* Activity *
Which lines of the data contain the string "Outputs"? Copy every one of them.

* Data for this exercise *
== Segment start ==

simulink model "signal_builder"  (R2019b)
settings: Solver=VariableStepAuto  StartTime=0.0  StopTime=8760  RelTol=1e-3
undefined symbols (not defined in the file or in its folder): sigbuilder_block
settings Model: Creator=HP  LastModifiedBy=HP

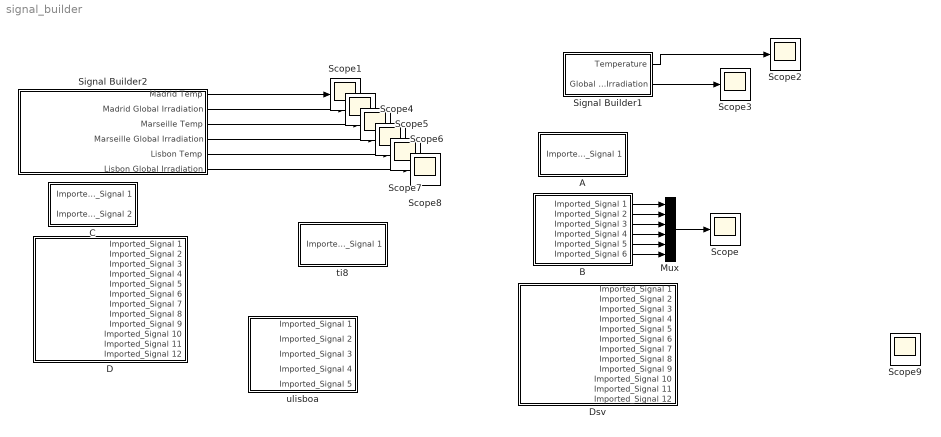
== system signal_builder ==
  A : Subsystem  Tag=STV Subsys  LoadFcn=sigbuilder_block('load');  StartFcn=sigbuilder_block('start');  StopFcn=sigbuilder_block('stop');  ClipboardFcn=sigbuilder_block('clipboard');  mask(Sigbuilder block){tuvar=[0:10]}
      mask help: Simulink:masks:SigbuilderBlock_MD
      mask init:
      | if ~strcmp(get_param(bdroot(gcbh),'SimulationStatus'),'stopped') tuvar = sigbuilder_block('maskInit'); end
      settings: CopyFcn=sigbuilder_block('copy');  DeleteFcn=sigbuilder_block('delete');  ModelCloseFcn=sigbuilder_block('modelClose');  PreSaveFcn=sigbuilder_block('preSave');  PauseFcn=sigbuilder_block('pause');  ContinueFcn=sigbuilder_block('continue');  NameChangeFcn=sigbuilder_block('namechange');  OpenFcn=sigbuilder_block('open',[437.6 153 550.4 359.25 ]);  CloseFcn=sigbuilder_block('close');
      mask Display: plot(0, 0, 100, 100,[2, 2, 32, 32, 2], [68, 8, 8, 68, 68],[32, 2], [38, 38], [32, 19, 2],[53, 60, 44], [32, 17, 17, 2],[16, 16, 31, 31]);txt = getActiveGroup(gcbh);text(2, 100, txt,'verticalAlignment', 'top');
  B : Subsystem  Tag=STV Subsys  LoadFcn=sigbuilder_block('load');  StartFcn=sigbuilder_block('start');  StopFcn=sigbuilder_block('stop');  ClipboardFcn=sigbuilder_block('clipboard');  mask(Sigbuilder block){tuvar=[0:10]}
      mask help: Simulink:masks:SigbuilderBlock_MD
      mask init:
      | if ~strcmp(get_param(bdroot(gcbh),'SimulationStatus'),'stopped') tuvar = sigbuilder_block('maskInit'); end
      settings: CopyFcn=sigbuilder_block('copy');  DeleteFcn=sigbuilder_block('delete');  ModelCloseFcn=sigbuilder_block('modelClose');  PreSaveFcn=sigbuilder_block('preSave');  PauseFcn=sigbuilder_block('pause');  ContinueFcn=sigbuilder_block('continue');  NameChangeFcn=sigbuilder_block('namechange');  OpenFcn=sigbuilder_block('open',[0 0 762.75 233.25 ]);  CloseFcn=sigbuilder_block('close');
      mask Display: plot(0, 0, 100, 100,[2, 2, 32, 32, 2], [68, 8, 8, 68, 68],[32, 2], [38, 38], [32, 19, 2],[53, 60, 44], [32, 17, 17, 2],[16, 16, 31, 31]);txt = getActiveGroup(gcbh);text(2, 100, txt,'verticalAlignment', 'top');
  C : Subsystem  Tag=STV Subsys  LoadFcn=sigbuilder_block('load');  StartFcn=sigbuilder_block('start');  StopFcn=sigbuilder_block('stop');  ClipboardFcn=sigbuilder_block('clipboard');  mask(Sigbuilder block){tuvar=[0:10]}
      mask help: Simulink:masks:SigbuilderBlock_MD
      mask init:
      | if ~strcmp(get_param(bdroot(gcbh),'SimulationStatus'),'stopped') tuvar = sigbuilder_block('maskInit'); end
      settings: CopyFcn=sigbuilder_block('copy');  DeleteFcn=sigbuilder_block('delete');  ModelCloseFcn=sigbuilder_block('modelClose');  PreSaveFcn=sigbuilder_block('preSave');  PauseFcn=sigbuilder_block('pause');  ContinueFcn=sigbuilder_block('continue');  NameChangeFcn=sigbuilder_block('namechange');  OpenFcn=sigbuilder_block('open',[440.25 156.75 544.5 355.5 ]);  CloseFcn=sigbuilder_block('close');
      mask Display: plot(0, 0, 100, 100,[2, 2, 32, 32, 2], [68, 8, 8, 68, 68],[32, 2], [38, 38], [32, 19, 2],[53, 60, 44], [32, 17, 17, 2],[16, 16, 31, 31]);txt = getActiveGroup(gcbh);text(2, 100, txt,'verticalAlignment', 'top');
  D : Subsystem  Tag=STV Subsys  LoadFcn=sigbuilder_block('load');  StartFcn=sigbuilder_block('start');  StopFcn=sigbuilder_block('stop');  ClipboardFcn=sigbuilder_block('clipboard');  mask(Sigbuilder block){tuvar=[0:10]}
      mask help: Simulink:masks:SigbuilderBlock_MD
      mask init:
      | if ~strcmp(get_param(bdroot(gcbh),'SimulationStatus'),'stopped') tuvar = sigbuilder_block('maskInit'); end
      settings: CopyFcn=sigbuilder_block('copy');  DeleteFcn=sigbuilder_block('delete');  ModelCloseFcn=sigbuilder_block('modelClose');  PreSaveFcn=sigbuilder_block('preSave');  PauseFcn=sigbuilder_block('pause');  ContinueFcn=sigbuilder_block('continue');  NameChangeFcn=sigbuilder_block('namechange');  OpenFcn=sigbuilder_block('open',[6 30 1012.5 447.75 ]);  CloseFcn=sigbuilder_block('close');
      mask Display: plot(0, 0, 100, 100,[2, 2, 32, 32, 2], [68, 8, 8, 68, 68],[32, 2], [38, 38], [32, 19, 2],[53, 60, 44], [32, 17, 17, 2],[16, 16, 31, 31]);txt = getActiveGroup(gcbh);text(2, 100, txt,'verticalAlignment', 'top');
  Dsv : Subsystem  Tag=STV Subsys  LoadFcn=sigbuilder_block('load');  StartFcn=sigbuilder_block('start');  StopFcn=sigbuilder_block('stop');  ClipboardFcn=sigbuilder_block('clipboard');  mask(Sigbuilder block){tuvar=[0:10]}
      mask help: Simulink:masks:SigbuilderBlock_MD
      mask init:
      | if ~strcmp(get_param(bdroot(gcbh),'SimulationStatus'),'stopped') tuvar = sigbuilder_block('maskInit'); end
      settings: CopyFcn=sigbuilder_block('copy');  DeleteFcn=sigbuilder_block('delete');  ModelCloseFcn=sigbuilder_block('modelClose');  PreSaveFcn=sigbuilder_block('preSave');  PauseFcn=sigbuilder_block('pause');  ContinueFcn=sigbuilder_block('continue');  NameChangeFcn=sigbuilder_block('namechange');  OpenFcn=sigbuilder_block('open',[361.5 30 657 447.75 ]);  CloseFcn=sigbuilder_block('close');
      mask Display: plot(0, 0, 100, 100,[2, 2, 32, 32, 2], [68, 8, 8, 68, 68],[32, 2], [38, 38], [32, 19, 2],[53, 60, 44], [32, 17, 17, 2],[16, 16, 31, 31]);txt = getActiveGroup(gcbh);text(2, 100, txt,'verticalAlignment', 'top');
  Mux : Mux  Inputs=6
  Scope{,1..9} (10 alike) : Scope
  Signal Builder1 : Subsystem  Tag=STV Subsys  LoadFcn=sigbuilder_block('load');  StartFcn=sigbuilder_block('start');  StopFcn=sigbuilder_block('stop');  ClipboardFcn=sigbuilder_block('clipboard');  mask(Sigbuilder block){tuvar=[0:10]}
      mask help: Simulink:masks:SigbuilderBlock_MD
      mask init:
      | if ~strcmp(get_param(bdroot(gcbh),'SimulationStatus'),'stopped') tuvar = sigbuilder_block('maskInit'); end
      settings: CopyFcn=sigbuilder_block('copy');  DeleteFcn=sigbuilder_block('delete');  ModelCloseFcn=sigbuilder_block('modelClose');  PreSaveFcn=sigbuilder_block('preSave');  PauseFcn=sigbuilder_block('pause');  ContinueFcn=sigbuilder_block('continue');  NameChangeFcn=sigbuilder_block('namechange');  OpenFcn=sigbuilder_block('open',[82.5 73.5 550.5 359.25 ]);  CloseFcn=sigbuilder_block('close');
      mask Display: plot(0, 0, 100, 100,[2, 2, 32, 32, 2], [68, 8, 8, 68, 68],[32, 2], [38, 38], [32, 19, 2],[53, 60, 44], [32, 17, 17, 2],[16, 16, 31, 31]);txt = getActiveGroup(gcbh);text(2, 100, txt,'verticalAlignment', 'top');
  Signal Builder2 : Subsystem  Tag=STV Subsys  LoadFcn=sigbuilder_block('load');  StartFcn=sigbuilder_block('start');  StopFcn=sigbuilder_block('stop');  ClipboardFcn=sigbuilder_block('clipboard');  mask(Sigbuilder block){tuvar=[0:10]}
      mask help: Simulink:masks:SigbuilderBlock_MD
      mask init:
      | if ~strcmp(get_param(bdroot(gcbh),'SimulationStatus'),'stopped') tuvar = sigbuilder_block('maskInit'); end
      settings: CopyFcn=sigbuilder_block('copy');  DeleteFcn=sigbuilder_block('delete');  ModelCloseFcn=sigbuilder_block('modelClose');  PreSaveFcn=sigbuilder_block('preSave');  PauseFcn=sigbuilder_block('pause');  ContinueFcn=sigbuilder_block('continue');  NameChangeFcn=sigbuilder_block('namechange');  OpenFcn=sigbuilder_block('open',[6 30 1012.5 447.75 ]);  CloseFcn=sigbuilder_block('close');
      mask Display: plot(0, 0, 100, 100,[2, 2, 32, 32, 2], [68, 8, 8, 68, 68],[32, 2], [38, 38], [32, 19, 2],[53, 60, 44], [32, 17, 17, 2],[16, 16, 31, 31]);txt = getActiveGroup(gcbh);text(2, 100, txt,'verticalAlignment', 'top');
  ti8 : Subsystem  Tag=STV Subsys  LoadFcn=sigbuilder_block('load');  StartFcn=sigbuilder_block('start');  StopFcn=sigbuilder_block('stop');  ClipboardFcn=sigbuilder_block('clipboard');  mask(Sigbuilder block){tuvar=[0:10]}
      mask help: Simulink:masks:SigbuilderBlock_MD
      mask init:
      | if ~strcmp(get_param(bdroot(gcbh),'SimulationStatus'),'stopped') tuvar = sigbuilder_block('maskInit'); end
      settings: CopyFcn=sigbuilder_block('copy');  DeleteFcn=sigbuilder_block('delete');  ModelCloseFcn=sigbuilder_block('modelClose');  PreSaveFcn=sigbuilder_block('preSave');  PauseFcn=sigbuilder_block('pause');  ContinueFcn=sigbuilder_block('continue');  NameChangeFcn=sigbuilder_block('namechange');  OpenFcn=sigbuilder_block('open',[437.6 153 550.4 359.25 ]);  CloseFcn=sigbuilder_block('close');
      mask Display: plot(0, 0, 100, 100,[2, 2, 32, 32, 2], [68, 8, 8, 68, 68],[32, 2], [38, 38], [32, 19, 2],[53, 60, 44], [32, 17, 17, 2],[16, 16, 31, 31]);txt = getActiveGroup(gcbh);text(2, 100, txt,'verticalAlignment', 'top');
  ulisboa : Subsystem  Tag=STV Subsys  LoadFcn=sigbuilder_block('load');  StartFcn=sigbuilder_block('start');  StopFcn=sigbuilder_block('stop');  ClipboardFcn=sigbuilder_block('clipboard');  mask(Sigbuilder block){tuvar=[0:10]}
      mask help: Simulink:masks:SigbuilderBlock_MD
      mask init:
      | if ~strcmp(get_param(bdroot(gcbh),'SimulationStatus'),'stopped') tuvar = sigbuilder_block('maskInit'); end
      settings: CopyFcn=sigbuilder_block('copy');  DeleteFcn=sigbuilder_block('delete');  ModelCloseFcn=sigbuilder_block('modelClose');  PreSaveFcn=sigbuilder_block('preSave');  PauseFcn=sigbuilder_block('pause');  ContinueFcn=sigbuilder_block('continue');  NameChangeFcn=sigbuilder_block('namechange');  OpenFcn=sigbuilder_block('open',[437.6 153 550.4 359.25 ]);  CloseFcn=sigbuilder_block('close');
      mask Display: plot(0, 0, 100, 100,[2, 2, 32, 32, 2], [68, 8, 8, 68, 68],[32, 2], [38, 38], [32, 19, 2],[53, 60, 44], [32, 17, 17, 2],[16, 16, 31, 31]);txt = getActiveGroup(gcbh);text(2, 100, txt,'verticalAlignment', 'top');
  wires:
  Signal Builder1/1(Temperature) -> Scope2/1
  Signal Builder1/2(Global Irradiation) -> Scope3/1
  Signal Builder2/1(Madrid Temp) -> Scope1/1
  Signal Builder2/2(Madrid Global Irradiation) -> Scope4/1
  Signal Builder2/3(Marseille Temp) -> Scope5/1
  Signal Builder2/4(Marseille Global Irradiation) -> Scope6/1
  Signal Builder2/5(Lisbon Temp) -> Scope7/1
  Signal Builder2/6(Lisbon Global Irradiation) -> Scope8/1
  B/2(Imported_Signal 2) -> Mux/2
  B/3(Imported_Signal 3) -> Mux/3
  B/4(Imported_Signal 4) -> Mux/4
  B/6(Imported_Signal 6) -> Mux/6
  B/1(Imported_Signal 1) -> Mux/1
  B/5(Imported_Signal 5) -> Mux/5
  Mux/1 -> Scope/1

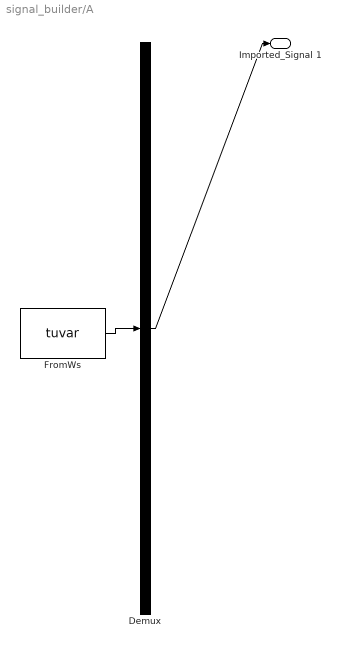
== system signal_builder/A ==
  Demux : Demux  Tag=STV Demux  Outputs=1
  FromWs : FromWorkspace  Tag=STV FromWs  VariableName=tuvar  SampleTime=0
      SigBuilderData=|
      | common.afterFinalStr = 'Extrapolate'
      | common.sampleTime = 0
      | dataSet.timeRange = [0 9000]
      | dataSet.name = 'Group 1'
      | sbobj.Groups.Name = 'Group 1'
      | sbobj.Groups.Signals.Name = 'Imported_Signal 1'
      | sbobj.Groups.Signals.XData = [0 2 3 4 5 6 7 8 9 10 11 12 ... (8760 elements, 1x8760)]
      | sbobj.Groups.Signals.YData = [-0.0152836915327 -0.0152836915327 -0.0152836915327 -0.0152836915327 -0.0152836915327 -0.0204334354339 -0.0204334354339 -0.00970029681324 -0.00970029681324 -0.00970029681324 -0.00970029681324 -0.00970029681324 ... (8760 elements, 1x8760)]
      | sbobj.Groups.TimeRange = [0 9000]
  Imported_Signal 1 : Outport  Tag=STV Outport
  wires:
  FromWs/1 -> Demux/1
  Demux/1 -> Imported_Signal 1/1

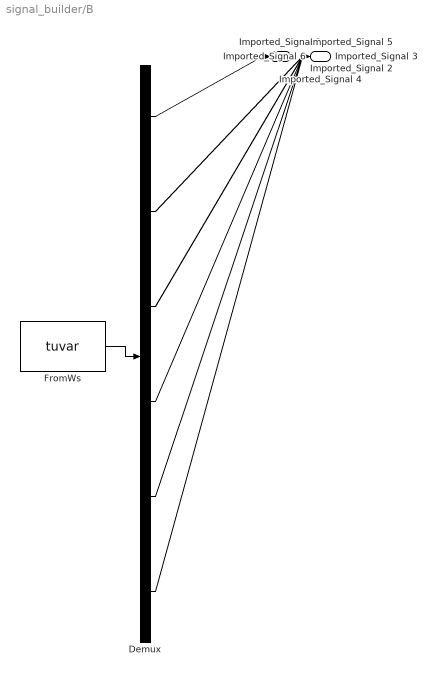
== system signal_builder/B ==
  Demux : Demux  Tag=STV Demux  Outputs=6
  FromWs : FromWorkspace  Tag=STV FromWs  VariableName=tuvar  SampleTime=0
      SigBuilderData=|
      | common.afterFinalStr = 'Extrapolate'
      | common.sampleTime = 0
      | dataSet.timeRange = [0 9000]
      | dataSet.name = 'Group 1'
      | sbobj.Groups.Name = 'Group 1'
      | sbobj.Groups.Signals(1).Name = 'Imported_Signal 1'
      | sbobj.Groups.Signals(1).XData = [0 2 3 4 5 6 7 8 9 10 11 12 ... (8760 elements, 1x8760)]
      | sbobj.Groups.Signals(1).YData = [0.00967357699951 0.00967357699951 0.00967357699951 0.00967357699951 0.00967357699951 0.00964893245892 0.00964893245892 0.00970029681324 0.00970029681324 0.00970029681324 0.00970029681324 0.00970029681324 ... (8760 elements, 1x8760)]
      | sbobj.Groups.Signals(2).Name = 'Imported_Signal 2'
      | sbobj.Groups.Signals(2).XData = [0 2 3 4 5 6 7 8 9 10 11 12 ... (8760 elements, 1x8760)]
      | sbobj.Groups.Signals(2).YData = [0.00561011453317 0.00561011453317 0.00561011453317 0.00561011453317 0.00561011453317 0.0107845029749 0.0107845029749 0 0 0 0 0 ... (8760 elements, 1x8760)]
      | sbobj.Groups.Signals(3).Name = 'Imported_Signal 3'
      | sbobj.Groups.Signals(3).XData = [0 2 3 4 5 6 7 8 9 10 11 12 ... (8760 elements, 1x8760)]
      | sbobj.Groups.Signals(3).YData = [9578966887.67 9578966887.67 9578966887.67 9578966887.67 9578966887.67 9578966887.67 9578966887.67 9578966887.67 9578966887.67 9578966887.67 9578966887.67 9578966887.67 ... (8760 elements, 1x8760)]
      | sbobj.Groups.Signals(4).Name = 'Imported_Signal 4'
      | sbobj.Groups.Signals(4).XData = [0 2 3 4 5 6 7 8 9 10 11 12 ... (8760 elements, 1x8760)]
      | sbobj.Groups.Signals(4).YData = [9393082762.66 9393082762.66 9393082762.66 9393082762.66 9393082762.66 9263715095.51 9263715095.51 9533344252.07 9533344252.07 9533344252.07 9533344252.07 9533344252.07 ... (8760 elements, 1x8760)]
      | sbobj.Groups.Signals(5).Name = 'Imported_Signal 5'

== Segment end ==

* Output of the exercise *
  Demux : Demux  Tag=STV Demux  Outputs=1
  Demux : Demux  Tag=STV Demux  Outputs=6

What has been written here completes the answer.